1 Moore Federal Practice, 1945, Supplement, 264, page 648, cites many federal cases in support of the following rule:

“A complaint should not be dismissed for insufficiency, for failure to state a cause of action, unless it appears to a certainty that plaintiff is entitled to no relief under any state of facts which could be proved in support of the claim.”

It follows that the motion to dismiss should not have been sustained.

The amended complaint eliminated all reference to the probate court proceedings and the chattel mortgage, alleged ownership of the chattels, that they were stored on the premises of Alice Ratcliff prior to January, 1942, and that they were sold by the defendants, without authority and without plaintiff’s knowledge or consent on the 2nd day of July, 1944.

*131The defendants maintain that the motion for judgment on the pleadings was properly-granted because the same issues were involved as in the motion to dismiss the complaint, which “was sustained by the court and not having been appealed from by plaintiff, became res adjudicata and the law of the case.”

The Supreme Court of Vermont says that the law of the case doctrine “is not that of stare decisis nor yet that of res judicata though akin to each.” Perkins v. Vermont Hydro-Electric Corporation, 106 Vt. 367, 177 A. 631, 653.

As applied in this jurisdiction there is little or no distinction, except that the doctrine of “law of the case” applies only to the one case (Sanchez v. Torres, 38 N.M. 556, 37 P.2d 805), while res adjudicata forecloses parties or privies in one case by what has been done in another case. Floersheim v. Board of Com’rs of Harding Co., et al., 28 N.M. 330, 212 P. 451.

Defendants overlook the fact that the order sustaining the motion to dismiss allowed plaintiff twenty days in which to further plead and an exception to the ruling of the court.

It was not a final judgment and, therefore, not res adjudicata. Sec. 41 Restatement of the Law of Judgments; White et al. v. Mayo et al., 31 N.M. 366, 246 P. 910.
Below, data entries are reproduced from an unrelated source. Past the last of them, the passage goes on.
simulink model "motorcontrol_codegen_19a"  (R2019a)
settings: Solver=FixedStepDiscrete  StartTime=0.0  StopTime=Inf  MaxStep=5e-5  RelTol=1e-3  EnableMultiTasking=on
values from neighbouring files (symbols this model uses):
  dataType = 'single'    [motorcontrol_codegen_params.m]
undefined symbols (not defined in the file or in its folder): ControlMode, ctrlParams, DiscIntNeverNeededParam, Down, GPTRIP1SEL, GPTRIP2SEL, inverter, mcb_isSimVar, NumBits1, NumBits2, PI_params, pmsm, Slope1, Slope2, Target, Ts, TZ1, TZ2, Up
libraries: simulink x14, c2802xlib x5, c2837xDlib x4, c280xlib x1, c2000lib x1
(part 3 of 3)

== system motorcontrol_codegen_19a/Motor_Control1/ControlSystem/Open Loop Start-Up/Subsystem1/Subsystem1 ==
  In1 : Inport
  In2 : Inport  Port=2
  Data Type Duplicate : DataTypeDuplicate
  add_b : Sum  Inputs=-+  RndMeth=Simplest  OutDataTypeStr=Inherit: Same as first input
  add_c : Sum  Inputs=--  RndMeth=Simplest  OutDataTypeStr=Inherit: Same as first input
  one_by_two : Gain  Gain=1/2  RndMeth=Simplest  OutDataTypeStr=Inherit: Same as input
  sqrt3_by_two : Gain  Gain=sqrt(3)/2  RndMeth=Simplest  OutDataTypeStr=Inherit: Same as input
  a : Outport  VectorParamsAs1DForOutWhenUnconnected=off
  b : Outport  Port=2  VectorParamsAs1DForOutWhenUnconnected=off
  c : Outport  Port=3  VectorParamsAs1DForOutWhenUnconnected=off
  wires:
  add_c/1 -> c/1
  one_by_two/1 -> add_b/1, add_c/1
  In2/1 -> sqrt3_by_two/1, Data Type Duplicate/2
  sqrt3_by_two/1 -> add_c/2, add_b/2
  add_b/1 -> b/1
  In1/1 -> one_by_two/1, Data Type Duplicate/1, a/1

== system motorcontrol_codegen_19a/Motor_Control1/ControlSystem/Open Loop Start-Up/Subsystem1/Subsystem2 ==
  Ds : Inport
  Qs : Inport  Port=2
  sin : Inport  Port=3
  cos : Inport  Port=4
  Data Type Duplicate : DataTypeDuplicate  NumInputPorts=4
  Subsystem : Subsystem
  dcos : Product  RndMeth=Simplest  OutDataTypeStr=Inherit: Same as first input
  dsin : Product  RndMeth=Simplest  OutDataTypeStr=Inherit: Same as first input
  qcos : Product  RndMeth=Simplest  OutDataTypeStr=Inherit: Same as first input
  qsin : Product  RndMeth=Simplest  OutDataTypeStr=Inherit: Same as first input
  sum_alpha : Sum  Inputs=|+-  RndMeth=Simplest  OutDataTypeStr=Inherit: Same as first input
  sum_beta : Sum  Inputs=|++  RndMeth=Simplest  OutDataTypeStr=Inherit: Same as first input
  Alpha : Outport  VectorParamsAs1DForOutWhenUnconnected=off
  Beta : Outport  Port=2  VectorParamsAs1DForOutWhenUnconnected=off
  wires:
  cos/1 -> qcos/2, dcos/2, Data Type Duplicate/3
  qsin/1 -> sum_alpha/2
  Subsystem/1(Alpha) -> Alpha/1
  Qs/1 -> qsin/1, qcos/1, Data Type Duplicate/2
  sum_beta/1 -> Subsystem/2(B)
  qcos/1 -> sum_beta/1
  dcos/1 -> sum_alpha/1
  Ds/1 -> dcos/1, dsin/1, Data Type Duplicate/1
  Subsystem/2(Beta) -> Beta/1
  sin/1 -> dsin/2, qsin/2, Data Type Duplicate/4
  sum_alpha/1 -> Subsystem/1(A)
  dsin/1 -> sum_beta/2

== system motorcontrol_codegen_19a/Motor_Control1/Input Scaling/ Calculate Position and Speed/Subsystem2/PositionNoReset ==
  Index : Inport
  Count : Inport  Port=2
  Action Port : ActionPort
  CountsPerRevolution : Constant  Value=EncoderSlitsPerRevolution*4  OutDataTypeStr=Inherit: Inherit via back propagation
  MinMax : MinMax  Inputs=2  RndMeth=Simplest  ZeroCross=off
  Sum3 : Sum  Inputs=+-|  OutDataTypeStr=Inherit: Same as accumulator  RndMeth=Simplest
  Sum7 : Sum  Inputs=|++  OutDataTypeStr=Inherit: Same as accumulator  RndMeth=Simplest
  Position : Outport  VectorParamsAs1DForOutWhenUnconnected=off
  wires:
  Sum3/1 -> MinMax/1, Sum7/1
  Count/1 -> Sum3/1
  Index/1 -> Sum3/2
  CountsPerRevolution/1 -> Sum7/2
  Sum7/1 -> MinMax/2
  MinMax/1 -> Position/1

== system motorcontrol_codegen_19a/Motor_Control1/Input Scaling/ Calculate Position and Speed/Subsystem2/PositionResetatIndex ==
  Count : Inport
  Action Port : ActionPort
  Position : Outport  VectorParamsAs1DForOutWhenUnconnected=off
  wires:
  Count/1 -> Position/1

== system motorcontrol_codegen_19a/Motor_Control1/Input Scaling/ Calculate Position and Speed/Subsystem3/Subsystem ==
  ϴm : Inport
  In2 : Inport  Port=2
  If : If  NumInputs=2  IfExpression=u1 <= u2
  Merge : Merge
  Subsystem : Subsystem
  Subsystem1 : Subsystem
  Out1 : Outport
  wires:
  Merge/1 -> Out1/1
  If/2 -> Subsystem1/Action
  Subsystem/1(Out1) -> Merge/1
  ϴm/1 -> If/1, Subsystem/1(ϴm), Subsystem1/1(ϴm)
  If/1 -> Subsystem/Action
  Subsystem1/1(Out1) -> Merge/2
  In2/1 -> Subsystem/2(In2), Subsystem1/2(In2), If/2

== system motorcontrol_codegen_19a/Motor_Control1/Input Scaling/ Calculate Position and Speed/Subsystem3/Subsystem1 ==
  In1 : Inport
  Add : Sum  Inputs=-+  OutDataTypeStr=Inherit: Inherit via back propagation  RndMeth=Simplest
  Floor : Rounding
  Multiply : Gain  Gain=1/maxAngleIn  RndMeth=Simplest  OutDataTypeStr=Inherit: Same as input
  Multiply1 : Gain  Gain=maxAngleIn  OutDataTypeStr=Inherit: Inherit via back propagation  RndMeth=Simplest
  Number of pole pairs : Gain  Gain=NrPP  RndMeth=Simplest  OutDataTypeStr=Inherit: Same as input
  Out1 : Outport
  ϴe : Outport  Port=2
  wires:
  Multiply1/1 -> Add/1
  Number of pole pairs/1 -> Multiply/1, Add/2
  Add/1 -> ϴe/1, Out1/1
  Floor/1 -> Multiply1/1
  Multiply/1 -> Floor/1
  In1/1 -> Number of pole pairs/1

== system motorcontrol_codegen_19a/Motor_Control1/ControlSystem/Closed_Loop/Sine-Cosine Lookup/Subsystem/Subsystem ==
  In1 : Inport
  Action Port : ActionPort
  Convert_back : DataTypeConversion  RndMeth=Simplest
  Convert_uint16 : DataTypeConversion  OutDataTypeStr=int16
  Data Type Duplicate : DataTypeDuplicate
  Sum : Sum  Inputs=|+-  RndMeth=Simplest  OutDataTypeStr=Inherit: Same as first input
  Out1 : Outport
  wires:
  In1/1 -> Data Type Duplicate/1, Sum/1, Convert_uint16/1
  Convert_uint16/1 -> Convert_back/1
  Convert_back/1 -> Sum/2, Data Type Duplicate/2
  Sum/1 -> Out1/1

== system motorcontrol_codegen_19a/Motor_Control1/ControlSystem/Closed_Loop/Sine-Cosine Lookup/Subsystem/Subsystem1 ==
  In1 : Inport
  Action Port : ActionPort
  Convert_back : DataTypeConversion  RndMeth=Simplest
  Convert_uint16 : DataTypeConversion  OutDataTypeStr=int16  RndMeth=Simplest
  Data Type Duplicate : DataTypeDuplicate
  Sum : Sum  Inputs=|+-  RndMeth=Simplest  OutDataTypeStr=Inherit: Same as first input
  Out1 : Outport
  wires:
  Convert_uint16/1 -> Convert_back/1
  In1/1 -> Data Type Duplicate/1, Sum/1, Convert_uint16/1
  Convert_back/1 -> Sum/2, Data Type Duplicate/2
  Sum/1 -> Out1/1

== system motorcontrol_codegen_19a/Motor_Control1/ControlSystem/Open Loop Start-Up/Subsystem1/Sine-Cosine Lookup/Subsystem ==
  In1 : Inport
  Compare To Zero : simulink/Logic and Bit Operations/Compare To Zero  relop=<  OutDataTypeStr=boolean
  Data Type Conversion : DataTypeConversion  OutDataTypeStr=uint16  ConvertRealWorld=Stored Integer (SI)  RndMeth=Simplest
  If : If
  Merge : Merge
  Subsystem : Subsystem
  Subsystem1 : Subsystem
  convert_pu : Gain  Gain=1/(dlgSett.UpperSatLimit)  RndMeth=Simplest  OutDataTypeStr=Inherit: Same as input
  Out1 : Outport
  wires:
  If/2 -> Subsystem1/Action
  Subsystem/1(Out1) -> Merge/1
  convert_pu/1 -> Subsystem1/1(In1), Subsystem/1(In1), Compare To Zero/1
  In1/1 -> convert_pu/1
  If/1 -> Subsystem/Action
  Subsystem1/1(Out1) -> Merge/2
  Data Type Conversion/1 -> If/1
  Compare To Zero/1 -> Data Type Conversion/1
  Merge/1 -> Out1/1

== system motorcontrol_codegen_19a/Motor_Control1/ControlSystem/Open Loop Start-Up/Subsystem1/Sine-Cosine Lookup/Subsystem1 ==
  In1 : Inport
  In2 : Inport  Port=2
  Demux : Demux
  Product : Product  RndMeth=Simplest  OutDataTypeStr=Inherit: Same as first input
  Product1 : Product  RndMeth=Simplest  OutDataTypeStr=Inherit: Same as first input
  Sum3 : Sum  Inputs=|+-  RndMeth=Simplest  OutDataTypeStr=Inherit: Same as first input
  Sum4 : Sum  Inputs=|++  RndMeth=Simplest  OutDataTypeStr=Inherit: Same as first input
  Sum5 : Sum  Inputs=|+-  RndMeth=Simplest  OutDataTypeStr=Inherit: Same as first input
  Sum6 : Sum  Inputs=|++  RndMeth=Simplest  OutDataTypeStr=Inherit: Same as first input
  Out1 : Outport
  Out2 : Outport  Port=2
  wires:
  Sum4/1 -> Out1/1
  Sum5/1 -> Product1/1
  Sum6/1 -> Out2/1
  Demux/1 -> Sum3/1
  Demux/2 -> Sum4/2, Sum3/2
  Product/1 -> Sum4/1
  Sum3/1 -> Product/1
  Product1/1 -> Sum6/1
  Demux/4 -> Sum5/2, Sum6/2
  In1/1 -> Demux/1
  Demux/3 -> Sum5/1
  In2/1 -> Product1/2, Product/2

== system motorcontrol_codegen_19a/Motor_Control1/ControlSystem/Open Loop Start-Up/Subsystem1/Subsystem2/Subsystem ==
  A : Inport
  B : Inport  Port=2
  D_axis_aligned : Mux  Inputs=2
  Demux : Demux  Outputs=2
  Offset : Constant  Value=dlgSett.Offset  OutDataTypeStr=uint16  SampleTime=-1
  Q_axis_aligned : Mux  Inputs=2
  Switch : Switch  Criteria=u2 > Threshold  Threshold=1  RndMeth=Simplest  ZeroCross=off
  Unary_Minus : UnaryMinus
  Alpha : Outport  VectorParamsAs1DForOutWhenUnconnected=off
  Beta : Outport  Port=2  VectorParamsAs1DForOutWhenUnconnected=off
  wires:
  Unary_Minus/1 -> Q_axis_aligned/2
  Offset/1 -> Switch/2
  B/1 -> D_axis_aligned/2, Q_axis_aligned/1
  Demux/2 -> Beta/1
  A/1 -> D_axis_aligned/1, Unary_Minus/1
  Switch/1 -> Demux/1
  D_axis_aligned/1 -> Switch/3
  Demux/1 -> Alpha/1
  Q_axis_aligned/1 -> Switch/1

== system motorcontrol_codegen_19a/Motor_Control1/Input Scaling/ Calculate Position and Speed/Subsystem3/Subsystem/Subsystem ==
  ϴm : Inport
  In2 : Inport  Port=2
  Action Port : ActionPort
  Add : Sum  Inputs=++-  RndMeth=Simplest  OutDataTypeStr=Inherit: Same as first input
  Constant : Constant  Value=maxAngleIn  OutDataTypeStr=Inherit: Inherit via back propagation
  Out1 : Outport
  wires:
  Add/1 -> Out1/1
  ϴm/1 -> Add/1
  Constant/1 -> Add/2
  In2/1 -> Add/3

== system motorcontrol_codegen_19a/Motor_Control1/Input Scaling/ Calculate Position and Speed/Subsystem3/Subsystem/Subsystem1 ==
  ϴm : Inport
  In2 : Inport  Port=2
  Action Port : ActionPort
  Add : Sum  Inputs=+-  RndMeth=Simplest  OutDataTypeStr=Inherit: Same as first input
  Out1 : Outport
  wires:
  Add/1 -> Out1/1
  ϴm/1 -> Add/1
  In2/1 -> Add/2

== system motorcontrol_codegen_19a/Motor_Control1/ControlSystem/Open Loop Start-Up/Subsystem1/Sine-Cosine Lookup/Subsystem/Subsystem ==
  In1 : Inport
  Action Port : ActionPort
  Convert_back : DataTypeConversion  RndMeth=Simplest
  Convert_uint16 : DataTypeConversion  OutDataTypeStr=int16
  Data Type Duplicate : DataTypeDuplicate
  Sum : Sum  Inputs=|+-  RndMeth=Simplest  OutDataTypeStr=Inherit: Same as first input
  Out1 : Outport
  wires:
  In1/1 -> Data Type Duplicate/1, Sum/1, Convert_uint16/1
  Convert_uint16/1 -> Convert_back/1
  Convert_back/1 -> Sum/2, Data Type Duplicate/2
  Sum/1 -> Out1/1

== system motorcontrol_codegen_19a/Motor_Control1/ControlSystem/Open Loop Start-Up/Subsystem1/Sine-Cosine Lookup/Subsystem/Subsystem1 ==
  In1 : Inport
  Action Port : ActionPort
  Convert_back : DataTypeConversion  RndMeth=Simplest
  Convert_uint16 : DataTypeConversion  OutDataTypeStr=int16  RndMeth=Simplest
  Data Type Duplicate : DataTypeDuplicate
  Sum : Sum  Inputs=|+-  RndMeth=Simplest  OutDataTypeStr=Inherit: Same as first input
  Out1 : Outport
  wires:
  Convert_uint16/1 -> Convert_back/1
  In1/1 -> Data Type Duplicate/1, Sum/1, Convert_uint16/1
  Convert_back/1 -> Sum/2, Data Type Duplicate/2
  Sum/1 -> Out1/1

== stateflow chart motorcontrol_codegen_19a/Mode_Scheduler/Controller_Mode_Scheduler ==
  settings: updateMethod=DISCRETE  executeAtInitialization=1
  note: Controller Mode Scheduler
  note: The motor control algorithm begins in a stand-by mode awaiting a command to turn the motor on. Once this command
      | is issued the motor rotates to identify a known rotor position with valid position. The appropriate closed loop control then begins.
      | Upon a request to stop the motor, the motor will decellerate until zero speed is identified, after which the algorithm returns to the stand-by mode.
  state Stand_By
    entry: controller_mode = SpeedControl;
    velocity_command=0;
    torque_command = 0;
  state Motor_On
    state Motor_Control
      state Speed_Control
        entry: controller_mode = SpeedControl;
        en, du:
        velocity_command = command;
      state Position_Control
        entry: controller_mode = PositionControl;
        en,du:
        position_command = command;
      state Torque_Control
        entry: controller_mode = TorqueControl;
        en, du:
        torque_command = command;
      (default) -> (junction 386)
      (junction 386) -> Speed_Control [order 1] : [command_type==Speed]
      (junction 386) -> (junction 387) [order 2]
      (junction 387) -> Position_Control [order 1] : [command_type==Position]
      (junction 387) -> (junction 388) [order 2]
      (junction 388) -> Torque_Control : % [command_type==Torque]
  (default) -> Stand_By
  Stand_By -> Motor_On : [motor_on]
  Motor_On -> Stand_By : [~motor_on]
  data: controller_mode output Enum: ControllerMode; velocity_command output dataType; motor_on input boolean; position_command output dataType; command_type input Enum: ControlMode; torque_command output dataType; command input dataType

Plaintiff excepted to the rulings on the motion to dismiss and the motion for judgment on the pleadings.

The Supreme Court of Iowa in Whitfield v. Grimes, 229 Iowa 309, 294 N.W. 346, 350, states the correct rule on the law of the case doctrine, in a similar case to the one at bar, as follows:

“In Watkins v. Iowa Cent. R. Co., 123 Iowa 390, loc. cit. 395, 98 N.W. 910, loc. cit. 912, this court said: Tf, after a ruling on a demurrer, a party excepting to that ruling pleads over a mere repetition of the matter theretofore stated in the pleading demurred to, he does not, of course, waive the error in the ruling on the demurrer. By so doing he manifestly does not intend to waive the error in the ruling on the demurrer, if any there be. * * * He either does not plead over by reasserting the same matters, or, if he does, such pleading should not be held to be a waiver of the ruling theretofore properly excepted to. Our rules of procedure are not intended as a trap to catch the unwary. Of course, if no exception is taken to the ruling on the demurrer, and the party whose pleading is attacked makes no exception thereto, but pleads over, and the demurring party moves to strike it, because a mere repetition, the only question then to be considered is the correctness of the ruling on the motion to strike. By-failing to except to the ruling on the de*132murrer, the pleader accepts it as the law of the case, and the only ruling he challenges is the one on the motion to strike.’ ”

We conclude that the trial court erred in sustaining the motion for judgment on the pleadings. It follows that the judgment should be reversed and the cause remanded for trial on the merits. It is so ordered.

SADLER, C. J., and BICKLEY, BRICE, and LUJAN, JJ., concur.